I and my friends are about to publish to CRAN an rstan-based time series forecasting package. The models perform well in accuracy, generally beating standard algorithms like ARIMA, ETS etc. But occasionally, especially in case of seasonal models, I am getting warnings of large number of divergencies (e.g. 14K on 4*10K chains). Our adaptive rate is by default 0.9, increasing it further does not help. But Rhat and Neff are not necessarily bad, e.g.
coefTrend 0.82 0.02 0.58 0.05 0.35 0.71 1.17 2.17 927 1.00
powTrend -0.29 0.01 0.17 -0.49 -0.42 -0.34 -0.20 0.16 993 1.00
locTrendFract 0.69 0.00 0.11 0.52 0.61 0.68 0.76 0.92 909 1.00
sigma 0.11 0.00 0.10 0.00 0.03 0.09 0.17 0.34 1026 1.00
offsetSigma 0.23 0.00 0.12 0.02 0.12 0.22 0.33 0.44 1037 1.00
levSm 0.93 0.00 0.05 0.80 0.90 0.94 0.97 1.00 824 1.01
bSm 0.93 0.00 0.06 0.79 0.89 0.94 0.97 1.00 1998 1.00
nu 2.46 0.01 0.38 2.02 2.17 2.36 2.64 3.44 2478 1.00
powx 0.16 0.00 0.15 0.00 0.05 0.11 0.23 0.59 1161 1.00
Average Rhat over all (including transformed, not listed above) parameters is e.g. 1.005 (actually, by default the algorithm would automatically double number of iterations and repeat if avg(Rhat)>1.006)
And the forecast is not bad either, as measured by backtesting.
I tried mcmc_parcoord() and pairs() - it does not tell me anything, the divergencies are all over the place - I see just sea of red :-)
So, what do you think?
It’s still bad and the results still shouldn’t be trusted. The divergences indicate that the sampler is trying to go somewhere but it can’t get there.
Make sure and forward these errors to your users so they can understand something is going wrong. Maybe the guidelines say something about this but I imagine that’s the desirable behavior (http://mc-stan.org/rstantools/articles/developer-guidelines.html).
I haven’t tried this before, but at worst maybe you use the grad_log_prob function to write a leapfrog integrator that runs around the Hamiltonian yourself? That might give you more insight into what is causing things to blow up. You’d need to get the mass matrix from Stan’s adaptation. You can get that from the cmdstan output (and you can dump your R inputs to the cmdstan format with stan_rdump). The “Using multiple step sizes” section of Radford’s HMC shows how to do this: https://arxiv.org/pdf/1206.1901.pdf . That make sense at all?
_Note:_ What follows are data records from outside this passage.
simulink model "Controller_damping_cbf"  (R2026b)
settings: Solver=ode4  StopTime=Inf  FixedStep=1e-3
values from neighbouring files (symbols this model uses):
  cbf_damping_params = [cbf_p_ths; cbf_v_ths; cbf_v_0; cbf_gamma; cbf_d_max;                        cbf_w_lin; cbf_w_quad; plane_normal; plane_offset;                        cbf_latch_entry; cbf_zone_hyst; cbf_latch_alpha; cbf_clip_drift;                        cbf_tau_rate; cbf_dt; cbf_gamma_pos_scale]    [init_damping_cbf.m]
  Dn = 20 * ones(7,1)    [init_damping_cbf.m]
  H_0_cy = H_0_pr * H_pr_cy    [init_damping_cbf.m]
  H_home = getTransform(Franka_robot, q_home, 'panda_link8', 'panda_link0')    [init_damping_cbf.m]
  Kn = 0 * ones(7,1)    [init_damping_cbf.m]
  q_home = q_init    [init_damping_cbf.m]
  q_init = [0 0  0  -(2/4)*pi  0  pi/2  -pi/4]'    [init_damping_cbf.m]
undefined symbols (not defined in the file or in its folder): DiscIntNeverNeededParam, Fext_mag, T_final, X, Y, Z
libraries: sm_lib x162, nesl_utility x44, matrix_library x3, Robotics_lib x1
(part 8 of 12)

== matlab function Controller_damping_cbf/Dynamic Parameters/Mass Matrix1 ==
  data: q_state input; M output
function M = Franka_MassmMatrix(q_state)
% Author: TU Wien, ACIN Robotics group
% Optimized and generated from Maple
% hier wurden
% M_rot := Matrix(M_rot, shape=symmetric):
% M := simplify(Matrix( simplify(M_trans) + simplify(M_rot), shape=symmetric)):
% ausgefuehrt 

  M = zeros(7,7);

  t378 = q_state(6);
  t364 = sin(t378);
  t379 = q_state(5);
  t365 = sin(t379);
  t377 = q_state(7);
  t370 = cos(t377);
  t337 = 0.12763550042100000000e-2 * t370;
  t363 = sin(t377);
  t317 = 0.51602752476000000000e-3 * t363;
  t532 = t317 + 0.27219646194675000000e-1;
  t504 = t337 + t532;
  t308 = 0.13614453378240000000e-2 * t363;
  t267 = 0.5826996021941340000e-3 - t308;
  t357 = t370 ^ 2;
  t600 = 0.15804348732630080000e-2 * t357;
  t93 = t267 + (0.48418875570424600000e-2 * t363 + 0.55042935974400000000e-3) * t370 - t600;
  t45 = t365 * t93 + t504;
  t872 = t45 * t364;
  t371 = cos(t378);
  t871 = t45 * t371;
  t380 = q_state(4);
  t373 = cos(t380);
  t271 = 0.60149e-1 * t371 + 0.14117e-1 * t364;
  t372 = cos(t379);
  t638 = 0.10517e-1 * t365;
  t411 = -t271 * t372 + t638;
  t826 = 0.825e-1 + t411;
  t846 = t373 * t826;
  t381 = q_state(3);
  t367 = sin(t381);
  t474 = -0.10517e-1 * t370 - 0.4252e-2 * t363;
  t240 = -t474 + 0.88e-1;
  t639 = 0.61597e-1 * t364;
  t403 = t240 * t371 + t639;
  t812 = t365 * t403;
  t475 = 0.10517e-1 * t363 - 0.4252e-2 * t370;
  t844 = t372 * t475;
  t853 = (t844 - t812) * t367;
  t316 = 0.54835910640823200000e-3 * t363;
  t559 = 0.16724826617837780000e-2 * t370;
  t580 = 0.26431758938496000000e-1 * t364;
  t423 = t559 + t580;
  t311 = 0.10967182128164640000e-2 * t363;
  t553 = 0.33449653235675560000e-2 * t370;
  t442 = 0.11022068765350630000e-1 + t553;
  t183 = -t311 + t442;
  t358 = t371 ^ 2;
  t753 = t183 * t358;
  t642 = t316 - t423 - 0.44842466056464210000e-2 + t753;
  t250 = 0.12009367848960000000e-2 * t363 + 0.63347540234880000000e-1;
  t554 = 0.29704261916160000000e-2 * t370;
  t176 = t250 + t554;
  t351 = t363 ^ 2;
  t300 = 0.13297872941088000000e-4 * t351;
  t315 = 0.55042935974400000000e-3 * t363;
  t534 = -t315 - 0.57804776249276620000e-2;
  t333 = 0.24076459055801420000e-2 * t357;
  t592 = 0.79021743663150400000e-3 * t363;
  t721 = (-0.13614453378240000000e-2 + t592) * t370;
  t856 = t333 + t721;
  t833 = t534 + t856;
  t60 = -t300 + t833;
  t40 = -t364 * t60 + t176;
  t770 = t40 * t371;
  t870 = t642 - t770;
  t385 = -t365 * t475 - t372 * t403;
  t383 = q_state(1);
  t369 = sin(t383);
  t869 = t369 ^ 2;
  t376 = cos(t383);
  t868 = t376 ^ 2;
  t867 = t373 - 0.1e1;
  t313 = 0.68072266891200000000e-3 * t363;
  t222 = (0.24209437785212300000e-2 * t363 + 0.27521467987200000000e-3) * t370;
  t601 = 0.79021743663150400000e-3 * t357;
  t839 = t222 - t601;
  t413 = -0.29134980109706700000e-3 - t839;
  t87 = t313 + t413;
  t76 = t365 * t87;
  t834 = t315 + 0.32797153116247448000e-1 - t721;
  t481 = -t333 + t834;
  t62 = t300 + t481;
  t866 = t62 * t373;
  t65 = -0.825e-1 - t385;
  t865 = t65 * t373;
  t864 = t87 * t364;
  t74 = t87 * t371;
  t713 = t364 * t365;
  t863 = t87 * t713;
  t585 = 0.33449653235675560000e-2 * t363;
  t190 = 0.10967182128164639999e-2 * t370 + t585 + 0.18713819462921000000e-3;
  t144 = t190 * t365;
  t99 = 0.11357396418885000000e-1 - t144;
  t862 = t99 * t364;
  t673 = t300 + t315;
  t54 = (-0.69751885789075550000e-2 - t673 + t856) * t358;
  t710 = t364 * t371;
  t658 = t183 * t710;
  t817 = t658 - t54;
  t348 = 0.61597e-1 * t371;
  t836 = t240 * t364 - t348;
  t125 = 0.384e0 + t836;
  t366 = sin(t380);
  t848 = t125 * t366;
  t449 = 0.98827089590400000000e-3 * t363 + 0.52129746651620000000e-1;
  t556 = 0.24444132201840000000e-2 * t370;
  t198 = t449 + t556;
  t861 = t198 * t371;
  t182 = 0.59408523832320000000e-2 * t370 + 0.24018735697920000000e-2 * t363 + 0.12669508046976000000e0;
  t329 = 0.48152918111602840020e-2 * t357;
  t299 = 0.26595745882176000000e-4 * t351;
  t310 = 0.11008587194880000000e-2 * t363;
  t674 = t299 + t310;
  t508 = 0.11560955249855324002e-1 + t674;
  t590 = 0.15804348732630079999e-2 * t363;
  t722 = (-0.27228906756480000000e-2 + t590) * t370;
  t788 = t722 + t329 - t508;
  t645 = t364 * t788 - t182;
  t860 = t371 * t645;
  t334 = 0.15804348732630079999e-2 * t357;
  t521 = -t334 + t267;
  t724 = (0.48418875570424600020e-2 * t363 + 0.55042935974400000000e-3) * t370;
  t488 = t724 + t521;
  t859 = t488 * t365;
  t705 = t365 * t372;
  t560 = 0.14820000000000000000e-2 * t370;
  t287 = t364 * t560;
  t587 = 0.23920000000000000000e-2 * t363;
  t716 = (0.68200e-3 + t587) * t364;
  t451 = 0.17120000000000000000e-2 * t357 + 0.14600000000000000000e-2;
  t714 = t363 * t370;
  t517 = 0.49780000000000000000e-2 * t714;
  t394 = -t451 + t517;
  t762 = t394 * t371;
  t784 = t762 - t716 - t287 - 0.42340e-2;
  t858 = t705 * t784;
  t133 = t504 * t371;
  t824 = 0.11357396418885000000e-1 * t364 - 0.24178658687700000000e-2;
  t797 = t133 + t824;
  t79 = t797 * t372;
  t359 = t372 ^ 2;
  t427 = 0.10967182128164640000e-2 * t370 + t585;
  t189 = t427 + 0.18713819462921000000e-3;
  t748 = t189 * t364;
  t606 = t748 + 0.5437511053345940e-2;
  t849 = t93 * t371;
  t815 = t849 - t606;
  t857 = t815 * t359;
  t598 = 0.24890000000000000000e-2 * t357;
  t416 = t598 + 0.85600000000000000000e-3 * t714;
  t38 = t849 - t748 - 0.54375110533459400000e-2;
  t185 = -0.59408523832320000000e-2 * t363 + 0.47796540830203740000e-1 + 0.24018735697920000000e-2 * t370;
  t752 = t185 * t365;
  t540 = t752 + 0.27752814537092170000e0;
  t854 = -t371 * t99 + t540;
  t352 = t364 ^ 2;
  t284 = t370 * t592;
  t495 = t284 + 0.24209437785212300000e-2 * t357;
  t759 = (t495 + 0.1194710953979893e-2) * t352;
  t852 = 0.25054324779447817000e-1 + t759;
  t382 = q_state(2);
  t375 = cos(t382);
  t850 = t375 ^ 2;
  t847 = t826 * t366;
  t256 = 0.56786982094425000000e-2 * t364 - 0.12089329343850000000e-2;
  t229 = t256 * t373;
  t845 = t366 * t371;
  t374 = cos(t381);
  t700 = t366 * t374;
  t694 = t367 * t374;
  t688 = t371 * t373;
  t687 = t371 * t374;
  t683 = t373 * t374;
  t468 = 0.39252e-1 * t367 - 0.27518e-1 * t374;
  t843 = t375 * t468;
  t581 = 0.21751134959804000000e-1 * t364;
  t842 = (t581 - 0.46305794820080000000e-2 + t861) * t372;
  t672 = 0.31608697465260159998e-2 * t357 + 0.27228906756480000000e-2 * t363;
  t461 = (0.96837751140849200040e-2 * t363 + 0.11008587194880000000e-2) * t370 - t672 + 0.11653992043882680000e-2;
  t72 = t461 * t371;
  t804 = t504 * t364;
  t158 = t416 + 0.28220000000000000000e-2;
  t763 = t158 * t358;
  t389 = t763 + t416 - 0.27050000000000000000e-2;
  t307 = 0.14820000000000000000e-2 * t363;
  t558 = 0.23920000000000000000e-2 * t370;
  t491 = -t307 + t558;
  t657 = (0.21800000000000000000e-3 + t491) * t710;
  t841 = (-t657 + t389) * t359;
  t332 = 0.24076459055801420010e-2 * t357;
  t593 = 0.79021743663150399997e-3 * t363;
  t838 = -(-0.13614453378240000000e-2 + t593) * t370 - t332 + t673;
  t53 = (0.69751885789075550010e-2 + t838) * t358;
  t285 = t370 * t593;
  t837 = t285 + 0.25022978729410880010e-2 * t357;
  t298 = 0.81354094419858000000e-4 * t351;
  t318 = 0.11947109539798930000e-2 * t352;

The usefulness of this has been debated: Getting the location + gradients of divergences (not of iteration starting points) .
Thank you for your thoughts and the links.
I am afraid, what you are suggesting (“to write a leapfrog integrator that runs around the Hamiltonian”) is way above my skill and understanding levels, so I am unlikely to do it.
But I take heart from the fact that my divergencies are very well scattered, visibly covering the whole distribution of parameters, they are not clustered, so hopefully not that deadly.
If the model has several hierarchical components each producing a funnel shape in the posterior, then it is possible that you see divergences all over. Try looking at the prior scale parameters and if at divergences at least one of them is always small. I have right now that kind of model and even after I know the problem it’s not easy to fix (non-centered parameterization is not enough to fix it)
No, there is no hierarchy in the model, the model is fitted per time series. It has several components, like trend, seasonalities - they are either additive or multiplicative, so possibly there are problems with identifiability.
If you want more help it would be easier if you show the model code and all Rhats and neffs.
Thank you. The current model is quite complicated, as it offers many options. I will create a simple version and a small script to run it.